报 告 人: 张霜剑(复旦大学)
报告时间: 9月18日18:30 – 19:30
报告地点:#腾讯会议:362-683-9628
报告摘要:The principal-agent problem is one of the central problems in microeconomics with many applications. Existence, uniqueness, convexity/concavity, regularity, and characterization of the solutions have been widely studied after Mirrlees and Spence in the 1970s. For multidimensional spaces of agents and products, Rochet and Choné (Econometrica, 1998) reformulated this problem to a concave maximization over the set of convex functions, by assuming agent preferences combine bilinearity in the product and agent parameters with a quasilinear sensitivity to prices. We characterize solutions to this problem by identifying a dual minimization problem. This duality allows us to reduce the solution of the square example of Rochet-Choné to a novel free boundary problem, giving the first analytical description of an overlooked market segment, where the regularity built by Caffarelli-Lions plays a crucial role —— an extension of their regularity work to the quasilinear case is also recently studied. The results profoundly connect with the Optimal Transport theory, a powerful tool with potential applications in many areas. This talk contains my joint work with Robert J. McCann and Cale Rankin.

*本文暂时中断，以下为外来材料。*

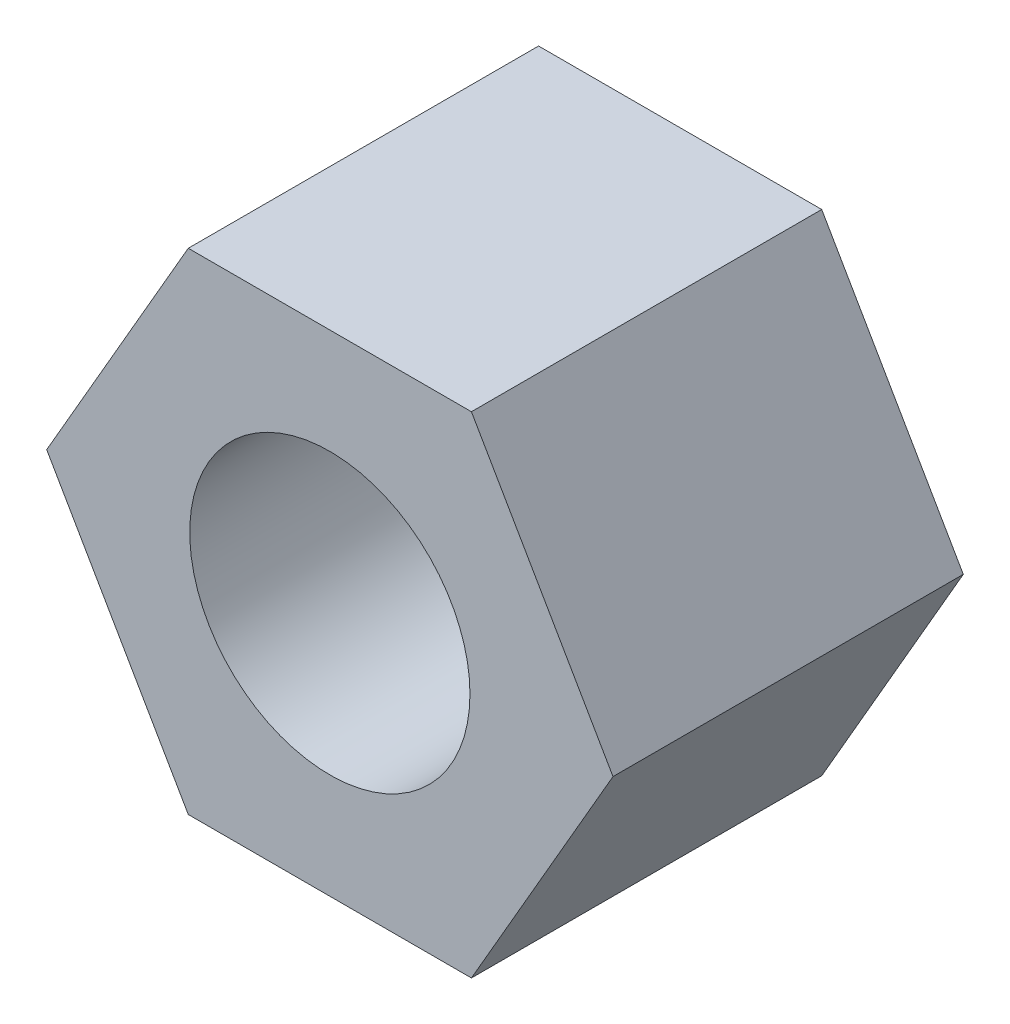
from build123d import *

# Parameters (mm, degrees)
SKETCH_1_R                     = 2
NYLOCK_EXTERNAL_ENVELOPE_DEPTH = 5


with BuildPart() as part:
    # Sketch 1 → Nylock_external_envelope (new body)
    with BuildSketch(Plane.XY):
        Polygon((4.041451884, 0), (2.020725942, 3.5), (-2.020725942, 3.5), (-4.041451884, 0), (-2.020725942, -3.5), (2.020725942, -3.5), align=None)
        Circle(SKETCH_1_R, mode=Mode.SUBTRACT)
    extrude(amount=NYLOCK_EXTERNAL_ENVELOPE_DEPTH)


solid = part.part
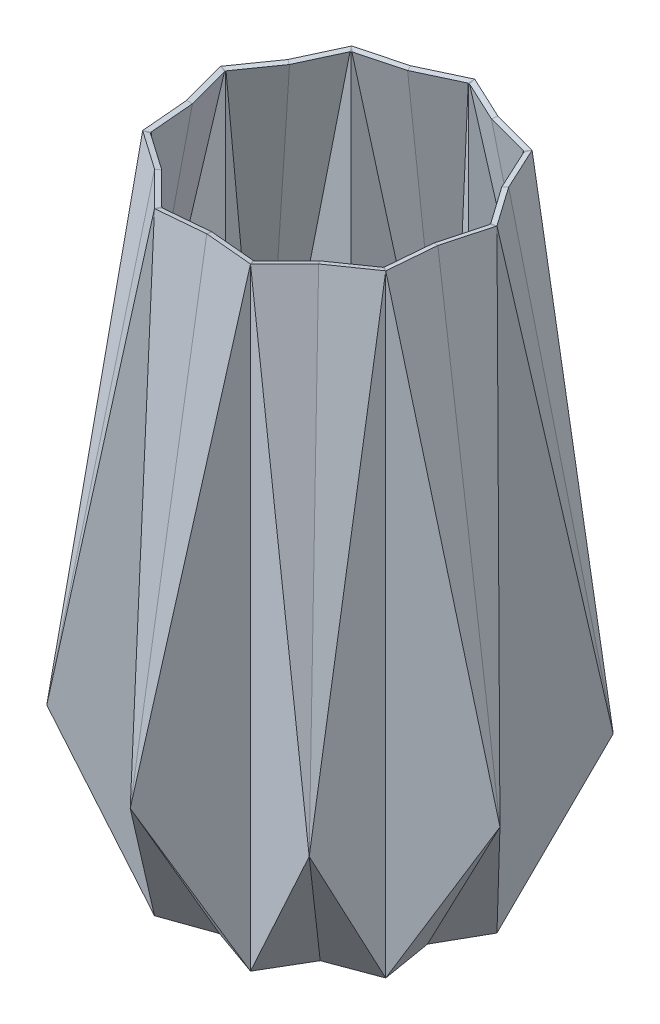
ISO-10303-21;
HEADER;
FILE_DESCRIPTION(('STEP AP214'),'2;1');
FILE_NAME('part.step','',(''),(''),'','','');
FILE_SCHEMA(('AUTOMOTIVE_DESIGN { 1 0 10303 214 1 1 1 1 }'));
ENDSEC;
DATA;
#1=APPLICATION_CONTEXT('core data for automotive mechanical design processes');
#2=APPLICATION_PROTOCOL_DEFINITION('international standard','automotive_design',2000,#1);
#3=PRODUCT_CONTEXT('',#1,'mechanical');
#4=PRODUCT('Part','Part','',(#3));
#5=PRODUCT_RELATED_PRODUCT_CATEGORY('part','',(#4));
#6=PRODUCT_DEFINITION_FORMATION('','',#4);
#7=PRODUCT_DEFINITION_CONTEXT('part definition',#1,'design');
#8=PRODUCT_DEFINITION('design','',#6,#7);
#9=PRODUCT_DEFINITION_SHAPE('','',#8);
#10=(LENGTH_UNIT() NAMED_UNIT(*) SI_UNIT(.MILLI.,.METRE.));
#11=(NAMED_UNIT(*) PLANE_ANGLE_UNIT() SI_UNIT($,.RADIAN.));
#12=(NAMED_UNIT(*) SI_UNIT($,.STERADIAN.) SOLID_ANGLE_UNIT());
#13=UNCERTAINTY_MEASURE_WITH_UNIT(LENGTH_MEASURE(1.E-05),#10,'distance_accuracy_value','');
#14=(GEOMETRIC_REPRESENTATION_CONTEXT(3) GLOBAL_UNCERTAINTY_ASSIGNED_CONTEXT((#13)) GLOBAL_UNIT_ASSIGNED_CONTEXT((#10,
#11,#12)) REPRESENTATION_CONTEXT('',''));
#15=CARTESIAN_POINT('',(0.,0.,0.));
#16=DIRECTION('',(0.,0.,1.));
#17=DIRECTION('',(1.,0.,0.));
#18=AXIS2_PLACEMENT_3D('',#15,#16,#17);
#19=CARTESIAN_POINT('',(-17.603319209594,119.836237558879,11.6940014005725));
#20=DIRECTION('',(-0.134613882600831,-0.986854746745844,0.089424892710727));
#21=DIRECTION('',(-0.0120862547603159,-0.0886043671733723,-0.995993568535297));
#22=AXIS2_PLACEMENT_3D('',#19,#20,#21);
#23=PLANE('',#22);
#24=DIRECTION('',(-0.438685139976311,0.140272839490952,0.887625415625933));
#25=VECTOR('',#24,1.);
#26=CARTESIAN_POINT('',(-8.89340811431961,119.836237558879,24.8052829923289));
#27=LINE('',#26,#25);
#28=CARTESIAN_POINT('',(-8.89340811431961,119.836237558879,24.8052829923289));
#29=VERTEX_POINT('',#28);
#30=CARTESIAN_POINT('',(-9.40555394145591,120.,25.8415470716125));
#31=VERTEX_POINT('',#30);
#32=EDGE_CURVE('E13',#29,#31,#27,.T.);
#33=ORIENTED_EDGE('',*,*,#32,.F.);
#34=DIRECTION('',(-0.553338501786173,0.,-0.832956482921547));
#35=VECTOR('',#34,1.);
#36=CARTESIAN_POINT('',(-17.603319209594,119.836237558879,11.6940014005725));
#37=LINE('',#36,#35);
#38=CARTESIAN_POINT('',(-8.98060818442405,119.836237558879,24.6740181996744));
#39=VERTEX_POINT('',#38);
#40=EDGE_CURVE('E489',#29,#39,#37,.T.);
#41=ORIENTED_EDGE('',*,*,#40,.T.);
#42=DIRECTION('',(-0.339087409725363,0.130674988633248,0.93163500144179));
#43=VECTOR('',#42,1.);
#44=CARTESIAN_POINT('',(-8.98060818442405,119.836237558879,24.6740181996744));
#45=LINE('',#44,#43);
#46=EDGE_CURVE('E78',#39,#31,#45,.T.);
#47=ORIENTED_EDGE('',*,*,#46,.T.);
#48=EDGE_LOOP('',(#33,#41,#47));
#49=FACE_BOUND('',#48,.T.);
#50=ADVANCED_FACE('F68',(#49),#23,.F.);
#51=CARTESIAN_POINT('',(5.96816565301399,119.836237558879,20.2733202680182));
#52=DIRECTION('',(0.0456390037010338,-0.986854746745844,0.155031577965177));
#53=DIRECTION('',(-0.998957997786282,-0.0450860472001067,0.00708286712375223));
#54=AXIS2_PLACEMENT_3D('',#51,#52,#53);
#55=PLANE('',#54);
#56=ORIENTED_EDGE('',*,*,#46,.F.);
#57=DIRECTION('',(-0.959295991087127,0.,0.282402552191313));
#58=VECTOR('',#57,1.);
#59=CARTESIAN_POINT('',(5.96816565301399,119.836237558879,20.2733202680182));
#60=LINE('',#59,#58);
#61=CARTESIAN_POINT('',(-9.13178269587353,119.836237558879,24.7185217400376));
#62=VERTEX_POINT('',#61);
#63=EDGE_CURVE('E517',#39,#62,#60,.T.);
#64=ORIENTED_EDGE('',*,*,#63,.T.);
#65=DIRECTION('',(-0.234502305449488,0.140272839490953,0.961941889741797));
#66=VECTOR('',#65,1.);
#67=CARTESIAN_POINT('',(-9.13178269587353,119.836237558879,24.7185217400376));
#68=LINE('',#67,#66);
#69=EDGE_CURVE('E720',#62,#31,#68,.T.);
#70=ORIENTED_EDGE('',*,*,#69,.T.);
#71=EDGE_LOOP('',(#56,#64,#70));
#72=FACE_BOUND('',#71,.T.);
#73=ADVANCED_FACE('F1566',(#72),#55,.F.);
#74=CARTESIAN_POINT('',(-9.40555394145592,120.,25.8415470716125));
#75=DIRECTION('',(0.116025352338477,0.986499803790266,-0.1155692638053));
#76=DIRECTION('',(-0.705712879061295,0.,-0.708497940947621));
#77=AXIS2_PLACEMENT_3D('',#74,#75,#76);
#78=PLANE('',#77);
#79=ORIENTED_EDGE('',*,*,#69,.F.);
#80=DIRECTION('',(-0.705712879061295,0.,-0.708497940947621));
#81=VECTOR('',#80,1.);
#82=CARTESIAN_POINT('',(-8.70662086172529,119.836237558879,25.1453614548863));
#83=LINE('',#82,#81);
#84=CARTESIAN_POINT('',(-15.4330472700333,119.836237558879,18.3923895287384));
#85=VERTEX_POINT('',#84);
#86=EDGE_CURVE('E527',#62,#85,#83,.T.);
#87=ORIENTED_EDGE('',*,*,#86,.T.);
#88=DIRECTION('',(-0.634177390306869,0.163128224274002,0.75578318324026));
#89=VECTOR('',#88,1.);
#90=CARTESIAN_POINT('',(-15.4330472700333,119.836237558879,18.3923895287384));
#91=LINE('',#90,#89);
#92=CARTESIAN_POINT('',(-16.0696902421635,120.,19.1511110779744));
#93=VERTEX_POINT('',#92);
#94=EDGE_CURVE('E716',#85,#93,#91,.T.);
#95=ORIENTED_EDGE('',*,*,#94,.T.);
#96=DIRECTION('',(-0.705712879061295,0.,-0.708497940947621));
#97=VECTOR('',#96,1.);
#98=CARTESIAN_POINT('',(-9.40555394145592,120.,25.8415470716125));
#99=LINE('',#98,#97);
#100=EDGE_CURVE('E834',#31,#93,#99,.T.);
#101=ORIENTED_EDGE('',*,*,#100,.F.);
#102=EDGE_LOOP('',(#79,#87,#95,#101));
#103=FACE_BOUND('',#102,.T.);
#104=ADVANCED_FACE('F1559',(#103),#78,.T.);
#105=CARTESIAN_POINT('',(-23.8156986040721,120.,13.75));
#106=DIRECTION('',(-0.0936659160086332,-0.986499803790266,0.134331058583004));
#107=DIRECTION('',(0.820280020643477,0.,0.571962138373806));
#108=AXIS2_PLACEMENT_3D('',#105,#106,#107);
#109=PLANE('',#108);
#110=ORIENTED_EDGE('',*,*,#94,.F.);
#111=DIRECTION('',(0.820280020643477,0.,0.571962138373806));
#112=VECTOR('',#111,1.);
#113=CARTESIAN_POINT('',(-23.2514580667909,119.836237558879,12.9407939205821));
#114=LINE('',#113,#112);
#115=CARTESIAN_POINT('',(-22.7572744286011,119.836237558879,13.2853766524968));
#116=VERTEX_POINT('',#115);
#117=EDGE_CURVE('E1314',#116,#85,#114,.T.);
#118=ORIENTED_EDGE('',*,*,#117,.F.);
#119=DIRECTION('',(-0.906606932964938,0.140272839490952,0.397979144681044));
#120=VECTOR('',#119,1.);
#121=CARTESIAN_POINT('',(-22.7572744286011,119.836237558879,13.2853766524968));
#122=LINE('',#121,#120);
#123=CARTESIAN_POINT('',(-23.8156986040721,120.,13.75));
#124=VERTEX_POINT('',#123);
#125=EDGE_CURVE('E712',#116,#124,#122,.T.);
#126=ORIENTED_EDGE('',*,*,#125,.T.);
#127=DIRECTION('',(0.820280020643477,0.,0.571962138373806));
#128=VECTOR('',#127,1.);
#129=CARTESIAN_POINT('',(-23.8156986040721,120.,13.75));
#130=LINE('',#129,#128);
#131=EDGE_CURVE('E1025',#124,#93,#130,.T.);
#132=ORIENTED_EDGE('',*,*,#131,.T.);
#133=EDGE_LOOP('',(#110,#118,#126,#132));
#134=FACE_BOUND('',#133,.T.);
#135=ADVANCED_FACE('F1576',(#134),#109,.F.);
#136=CARTESIAN_POINT('',(-21.0016840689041,119.836237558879,-2.35707068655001));
#137=DIRECTION('',(-0.160601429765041,-0.986854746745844,-0.0180246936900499));
#138=DIRECTION('',(0.00289526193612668,0.0177906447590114,-0.999837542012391));
#139=AXIS2_PLACEMENT_3D('',#136,#137,#138);
#140=PLANE('',#139);
#141=ORIENTED_EDGE('',*,*,#125,.F.);
#142=DIRECTION('',(0.111532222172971,0.,-0.993760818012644));
#143=VECTOR('',#142,1.);
#144=CARTESIAN_POINT('',(-21.0016840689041,119.836237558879,-2.35707068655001));
#145=LINE('',#144,#143);
#146=CARTESIAN_POINT('',(-22.7396981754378,119.836237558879,13.1287708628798));
#147=VERTEX_POINT('',#146);
#148=EDGE_CURVE('E572',#116,#147,#145,.T.);
#149=ORIENTED_EDGE('',*,*,#148,.T.);
#150=DIRECTION('',(-0.858599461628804,0.130674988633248,0.495712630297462));
#151=VECTOR('',#150,1.);
#152=CARTESIAN_POINT('',(-22.7396981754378,119.836237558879,13.1287708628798));
#153=LINE('',#152,#151);
#154=EDGE_CURVE('E707',#147,#124,#153,.T.);
#155=ORIENTED_EDGE('',*,*,#154,.T.);
#156=EDGE_LOOP('',(#141,#149,#155));
#157=FACE_BOUND('',#156,.T.);
#158=ADVANCED_FACE('F1575',(#157),#140,.F.);
#159=CARTESIAN_POINT('',(-8.45955894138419,119.836237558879,19.3665272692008));
#160=DIRECTION('',(-0.0646908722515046,-0.986854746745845,0.148097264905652));
#161=DIRECTION('',(-0.99790535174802,0.0639744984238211,-0.00960065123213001));
#162=AXIS2_PLACEMENT_3D('',#159,#160,#161);
#163=PLANE('',#162);
#164=ORIENTED_EDGE('',*,*,#154,.F.);
#165=DIRECTION('',(-0.916388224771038,0.,-0.400290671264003));
#166=VECTOR('',#165,1.);
#167=CARTESIAN_POINT('',(-8.45955894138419,119.836237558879,19.3665272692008));
#168=LINE('',#167,#166);
#169=CARTESIAN_POINT('',(-22.8841108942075,119.836237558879,13.065689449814));
#170=VERTEX_POINT('',#169);
#171=EDGE_CURVE('E518',#147,#170,#168,.T.);
#172=ORIENTED_EDGE('',*,*,#171,.T.);
#173=DIRECTION('',(-0.797963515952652,0.140272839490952,0.586155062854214));
#174=VECTOR('',#173,1.);
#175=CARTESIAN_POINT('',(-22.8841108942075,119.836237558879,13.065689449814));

报告人简介:张霜剑,复旦大学数学科学学院青年研究员,博士生导师。2023年入选国家高层次青年人才。2012年本科毕业于南开大学陈省身班;2018年博士毕业于多伦多大学数学系;博士毕业后曾在巴黎高科国立统计与经济管理学院、巴黎高等师范学院、滑铁卢大学从事博士后研究。2023年9月至今任职于复旦大学数学科学学院,主要研究为最优输运理论在经济金融中的应用,其研究成果发表在Communications on Pure and Applied Mathematics、Mathematical Models and Methods in Applied Sciences、Economic Theory、Journal of Mathematical Economics、Conference on Learning Theory等。